-- DATA PROVIDED follows --
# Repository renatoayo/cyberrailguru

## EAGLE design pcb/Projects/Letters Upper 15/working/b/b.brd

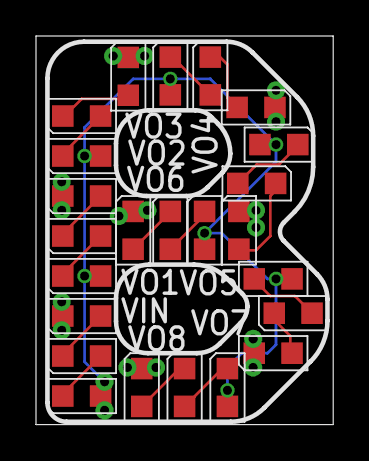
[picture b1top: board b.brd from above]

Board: 2 copper layers, 16.5 x 21.6 mm, 42 parts (0 on the bottom side), 25 nets.

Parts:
LED1, LED2, LED3, LED4, LED5, LED6, LED7, LED8, LED9, LED10, LED11, LED12, LED13, LED14, LED15, LED16, LED17, LED18, LED19, LED20, LED21, LED22, LED23, LED24: LED_0805
VIN, VIN1: P1-20
VO1, VO2, VO3, VO4, VO5, VO6, VO7, VO8, VO9, VO10, VO11, VO12, VO13, VO14, VO15, VO16: P1-20

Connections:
unnamed: LED22.C, LED23.A
unnamed: LED23.C, LED24.A
unnamed: LED2.C, LED3.A
unnamed: LED1.C, LED2.A
unnamed: LED24.C, VO8.TP, VO16.TP
unnamed: LED5.C, LED6.A
unnamed: LED4.C, LED5.A
unnamed: LED8.C, LED9.A
unnamed: LED7.C, LED8.A
unnamed: LED11.C, LED12.A
unnamed: LED10.C, LED11.A
unnamed: LED14.C, LED15.A
unnamed: LED13.C, LED14.A
unnamed: LED17.C, LED18.A
unnamed: LED16.C, LED17.A
unnamed: LED20.C, LED21.A
unnamed: LED19.C, LED20.A
VIN: LED1.A, LED4.A, LED7.A, LED10.A, LED13.A, LED16.A, LED19.A, LED22.A, VIN.TP, VIN1.TP
VOUT1: LED3.C, VO1.TP, VO9.TP
VOUT2: LED6.C, VO2.TP, VO10.TP
VOUT3: LED9.C, VO3.TP, VO11.TP
VOUT4: LED12.C, VO4.TP, VO12.TP
VOUT5: LED15.C, VO5.TP, VO13.TP
VOUT6: LED18.C, VO6.TP, VO14.TP
VOUT7: LED21.C, VO7.TP, VO15.TP

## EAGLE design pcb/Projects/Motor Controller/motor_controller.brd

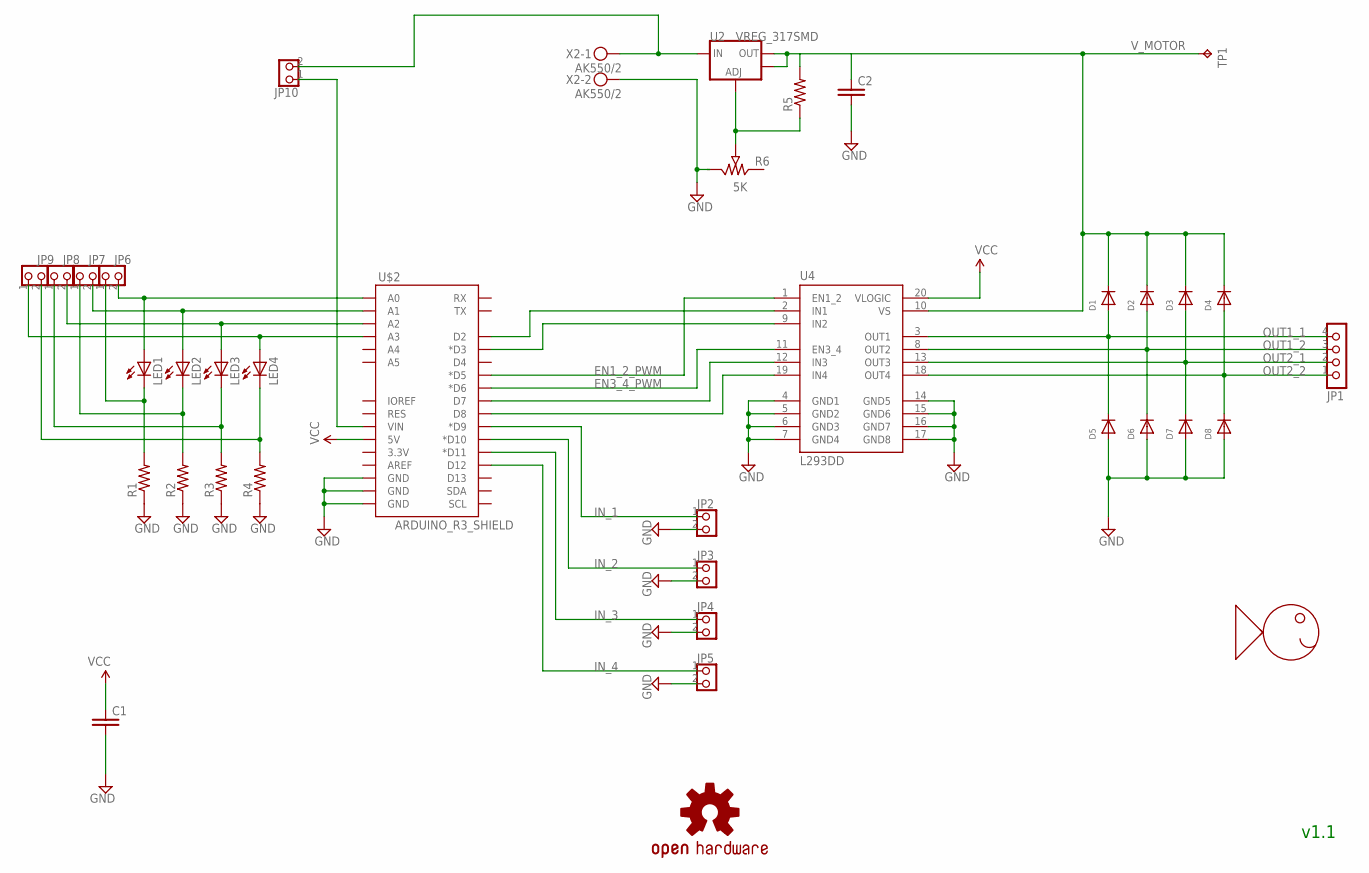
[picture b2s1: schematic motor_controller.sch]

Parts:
C1, C2: CAPACITORC0603; C0603
D1, D2, D3, D4, D5, D6, D7, D8: DIODESOD-123; SOD-123
JP1: PINHD-1X4/90; 1X04/90
JP2, JP3, JP4, JP5, JP6, JP7, JP8, JP9, JP10: PINHD-1X2; 1X02
LED1, LED2, LED3, LED4: LED0805; LED_0805
LOGO1: OSHW-LOGOM; OSHW-LOGO-M
R1, R2, R3, R4, R5: RESISTOR_SMD0603-RES; 0603-RES
R6: 5K; BOURNS_3362H
TP1: TEST_POINTPAD1-20; P1-20
U2: VREG_317SMD; SOT223
U4: L293DD; SO20
U$1: FHI_LOGO
U$2: ARDUINO_R3_SHIELD; UNO_R3_SHIELD
X2: AK550/2

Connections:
EN1_2_PWM: U4.1 (EN1_2), U$2.D5 (*D5)
EN3_4_PWM: U4.11 (EN3_4), U$2.D6 (*D6)
GND: C1.2, C2.2, D5.A, D6.A, D7.A, D8.A, JP2.2, JP3.2, JP4.2, JP5.2, R1.1, R2.1, R3.1, R4.1, R6.3, U4.4 (GND1), U4.5 (GND2), U4.6 (GND3), U4.7 (GND4), U4.14 (GND5), U4.15 (GND6), U4.16 (GND7), U4.17 (GND8), U$2.GND@0 (GND), U$2.GND@1 (GND), U$2.GND@2 (GND), X2.2
IN1: U4.2 (IN1), U$2.D2
IN2: U4.9 (IN2), U$2.D3 (*D3)
IN3: U4.12 (IN3), U$2.D7
IN4: U4.19 (IN4), U$2.D8
IN_1: JP2.1, U$2.D9 (*D9)
IN_2: JP3.1, U$2.D10 (*D10)
IN_3: JP4.1, U$2.D11 (*D11)
IN_4: JP5.1, U$2.D12
unnamed: JP10.1, U$2.VIN
unnamed: JP6.2, LED1.A, U$2.A0
unnamed: JP7.2, LED2.A, U$2.A1
unnamed: JP8.2, LED3.A, U$2.A2
unnamed: JP9.1, LED4.A, U$2.A3
unnamed: JP10.2, U2.3 (IN), X2.1
unnamed: JP9.2, LED4.C, R4.2
unnamed: R5.1, R6.2, U2.1 (ADJ)
unnamed: JP8.1, LED3.C, R3.2
unnamed: JP7.1, LED2.C, R2.2
unnamed: JP6.1, LED1.C, R1.2
OUT1_1: D1.A, D5.C, JP1.4, U4.3 (OUT1)
OUT1_2: D2.A, D6.C, JP1.3, U4.8 (OUT2)
OUT2_1: D3.A, D7.C, JP1.2, U4.13 (OUT3)
OUT2_2: D4.A, D8.C, JP1.1, U4.18 (OUT4)
VCC: C1.1, U4.20 (VLOGIC), U$2.5V
V_MOTOR: C2.1, D1.C, D2.C, D3.C, D4.C, R5.2, TP1.TP, U2.2 (OUT1), U2.4 (OUT2), U4.10 (VS)

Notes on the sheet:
v1.1

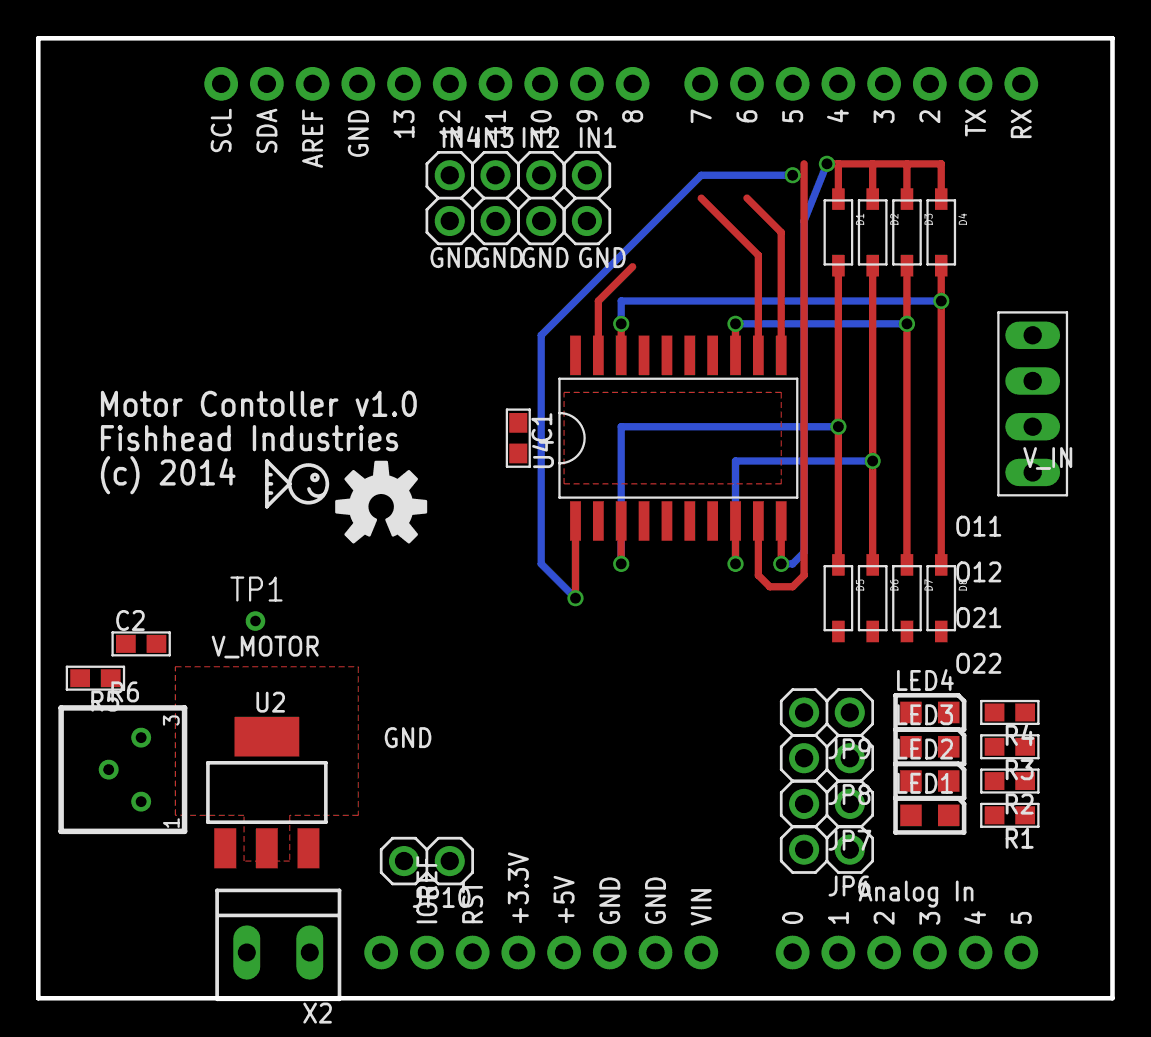
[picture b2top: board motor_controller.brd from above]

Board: 2 copper layers, 59.7 x 53.3 mm, 37 parts (0 on the bottom side), 28 nets.

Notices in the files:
pcb/Projects/Motor Controller/motor_controller.brd:
(c) 2014
parts and their libraries:
SparkFun-Aesthetics: Licensing: CC v3.0 Share-Alike You are welcome to use this library for commercial purposes.
-- DATA PROVIDED concluded --
WHAT THE EXERCISE ASKS: For this exercise, copy every line of the data that holds "PINHD".

RESULT BELOW:
JP1: PINHD-1X4/90; 1X04/90
JP2, JP3, JP4, JP5, JP6, JP7, JP8, JP9, JP10: PINHD-1X2; 1X02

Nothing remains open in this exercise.